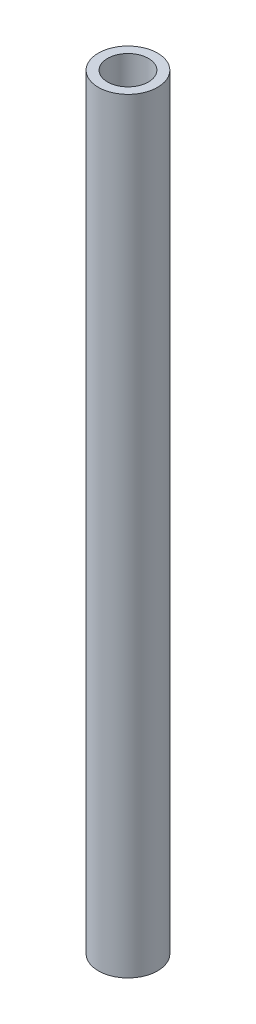
ISO-10303-21;
HEADER;
FILE_DESCRIPTION(('STEP AP214'),'2;1');
FILE_NAME('part.step','',(''),(''),'','','');
FILE_SCHEMA(('AUTOMOTIVE_DESIGN { 1 0 10303 214 1 1 1 1 }'));
ENDSEC;
DATA;
#1=APPLICATION_CONTEXT('core data for automotive mechanical design processes');
#2=APPLICATION_PROTOCOL_DEFINITION('international standard','automotive_design',2000,#1);
#3=PRODUCT_CONTEXT('',#1,'mechanical');
#4=PRODUCT('Part','Part','',(#3));
#5=PRODUCT_RELATED_PRODUCT_CATEGORY('part','',(#4));
#6=PRODUCT_DEFINITION_FORMATION('','',#4);
#7=PRODUCT_DEFINITION_CONTEXT('part definition',#1,'design');
#8=PRODUCT_DEFINITION('design','',#6,#7);
#9=PRODUCT_DEFINITION_SHAPE('','',#8);
#10=(LENGTH_UNIT() NAMED_UNIT(*) SI_UNIT(.MILLI.,.METRE.));
#11=(NAMED_UNIT(*) PLANE_ANGLE_UNIT() SI_UNIT($,.RADIAN.));
#12=(NAMED_UNIT(*) SI_UNIT($,.STERADIAN.) SOLID_ANGLE_UNIT());
#13=UNCERTAINTY_MEASURE_WITH_UNIT(LENGTH_MEASURE(1.E-05),#10,'distance_accuracy_value','');
#14=(GEOMETRIC_REPRESENTATION_CONTEXT(3) GLOBAL_UNCERTAINTY_ASSIGNED_CONTEXT((#13)) GLOBAL_UNIT_ASSIGNED_CONTEXT((#10,
#11,#12)) REPRESENTATION_CONTEXT('',''));
#15=CARTESIAN_POINT('',(0.,0.,0.));
#16=DIRECTION('',(0.,0.,1.));
#17=DIRECTION('',(1.,0.,0.));
#18=AXIS2_PLACEMENT_3D('',#15,#16,#17);
#19=CARTESIAN_POINT('',(0.,123.,0.));
#20=DIRECTION('',(0.,1.,0.));
#21=DIRECTION('',(0.,0.,1.));
#22=AXIS2_PLACEMENT_3D('',#19,#20,#21);
#23=PLANE('',#22);
#24=CARTESIAN_POINT('',(0.,123.,0.));
#25=DIRECTION('',(0.,1.,0.));
#26=DIRECTION('',(0.,0.,1.));
#27=AXIS2_PLACEMENT_3D('',#24,#25,#26);
#28=CIRCLE('',#27,4.7625);
#29=CARTESIAN_POINT('',(0.,123.,4.7625));
#30=VERTEX_POINT('',#29);
#31=EDGE_CURVE('E10',#30,#30,#28,.T.);
#32=ORIENTED_EDGE('',*,*,#31,.T.);
#33=EDGE_LOOP('',(#32));
#34=FACE_BOUND('',#33,.T.);
#35=CARTESIAN_POINT('',(0.,123.,0.));
#36=DIRECTION('',(0.,1.,0.));
#37=DIRECTION('',(0.,0.,1.));
#38=AXIS2_PLACEMENT_3D('',#35,#36,#37);
#39=CIRCLE('',#38,3.2893);
#40=CARTESIAN_POINT('',(0.,123.,3.2893));
#41=VERTEX_POINT('',#40);
#42=EDGE_CURVE('E41',#41,#41,#39,.T.);
#43=ORIENTED_EDGE('',*,*,#42,.F.);
#44=EDGE_LOOP('',(#43));
#45=FACE_BOUND('',#44,.T.);
#46=ADVANCED_FACE('F30',(#34,#45),#23,.T.);
#47=CARTESIAN_POINT('',(0.,0.,0.));
#48=DIRECTION('',(0.,1.,0.));
#49=DIRECTION('',(0.,0.,1.));
#50=AXIS2_PLACEMENT_3D('',#47,#48,#49);
#51=PLANE('',#50);
#52=CARTESIAN_POINT('',(0.,0.,0.));
#53=DIRECTION('',(0.,1.,0.));
#54=DIRECTION('',(0.,0.,1.));
#55=AXIS2_PLACEMENT_3D('',#52,#53,#54);
#56=CIRCLE('',#55,4.7625);
#57=CARTESIAN_POINT('',(0.,0.,4.7625));
#58=VERTEX_POINT('',#57);
#59=EDGE_CURVE('E34',#58,#58,#56,.T.);
#60=ORIENTED_EDGE('',*,*,#59,.F.);
#61=EDGE_LOOP('',(#60));
#62=FACE_BOUND('',#61,.T.);
#63=CARTESIAN_POINT('',(0.,0.,0.));
#64=DIRECTION('',(0.,1.,0.));
#65=DIRECTION('',(0.,0.,1.));
#66=AXIS2_PLACEMENT_3D('',#63,#64,#65);
#67=CIRCLE('',#66,3.2893);
#68=CARTESIAN_POINT('',(0.,0.,3.2893));
#69=VERTEX_POINT('',#68);
#70=EDGE_CURVE('E43',#69,#69,#67,.T.);
#71=ORIENTED_EDGE('',*,*,#70,.T.);
#72=EDGE_LOOP('',(#71));
#73=FACE_BOUND('',#72,.T.);
#74=ADVANCED_FACE('F53',(#62,#73),#51,.F.);
#75=CARTESIAN_POINT('',(0.,123.,0.));
#76=DIRECTION('',(0.,-1.,0.));
#77=DIRECTION('',(0.,0.,-1.));
#78=AXIS2_PLACEMENT_3D('',#75,#76,#77);
#79=CYLINDRICAL_SURFACE('',#78,4.7625);
#80=ORIENTED_EDGE('',*,*,#31,.F.);
#81=EDGE_LOOP('',(#80));
#82=FACE_BOUND('',#81,.T.);
#83=ORIENTED_EDGE('',*,*,#59,.T.);
#84=EDGE_LOOP('',(#83));
#85=FACE_BOUND('',#84,.T.);
#86=ADVANCED_FACE('F32',(#82,#85),#79,.T.);
#87=CARTESIAN_POINT('',(0.,123.,0.));
#88=DIRECTION('',(0.,-1.,0.));
#89=DIRECTION('',(0.,0.,-1.));
#90=AXIS2_PLACEMENT_3D('',#87,#88,#89);
#91=CYLINDRICAL_SURFACE('',#90,3.2893);
#92=ORIENTED_EDGE('',*,*,#42,.T.);
#93=EDGE_LOOP('',(#92));
#94=FACE_BOUND('',#93,.T.);
#95=ORIENTED_EDGE('',*,*,#70,.F.);
#96=EDGE_LOOP('',(#95));
#97=FACE_BOUND('',#96,.T.);
#98=ADVANCED_FACE('F49',(#94,#97),#91,.F.);
#99=CLOSED_SHELL('',(#46,#74,#86,#98));
#100=MANIFOLD_SOLID_BREP('B2',#99);
#101=ADVANCED_BREP_SHAPE_REPRESENTATION('',(#18,#100),#14);
#102=SHAPE_DEFINITION_REPRESENTATION(#9,#101);
ENDSEC;
END-ISO-10303-21;

# # # # # # #

_YOUR INSTRUCTIONS:_
Taking the line with "#48=DIRECTION('',(0.,1.,0.));" as the first and the line with "#63=CARTESIAN_POINT('',(0.,0.,0.));" as the last, retype that stretch of the data above exactly, with no other lines.

_SOLUTION:_
#48=DIRECTION('',(0.,1.,0.));
#49=DIRECTION('',(0.,0.,1.));
#50=AXIS2_PLACEMENT_3D('',#47,#48,#49);
#51=PLANE('',#50);
#52=CARTESIAN_POINT('',(0.,0.,0.));
#53=DIRECTION('',(0.,1.,0.));
#54=DIRECTION('',(0.,0.,1.));
#55=AXIS2_PLACEMENT_3D('',#52,#53,#54);
#56=CIRCLE('',#55,4.7625);
#57=CARTESIAN_POINT('',(0.,0.,4.7625));
#58=VERTEX_POINT('',#57);
#59=EDGE_CURVE('E34',#58,#58,#56,.T.);
#60=ORIENTED_EDGE('',*,*,#59,.F.);
#61=EDGE_LOOP('',(#60));
#62=FACE_BOUND('',#61,.T.);
#63=CARTESIAN_POINT('',(0.,0.,0.));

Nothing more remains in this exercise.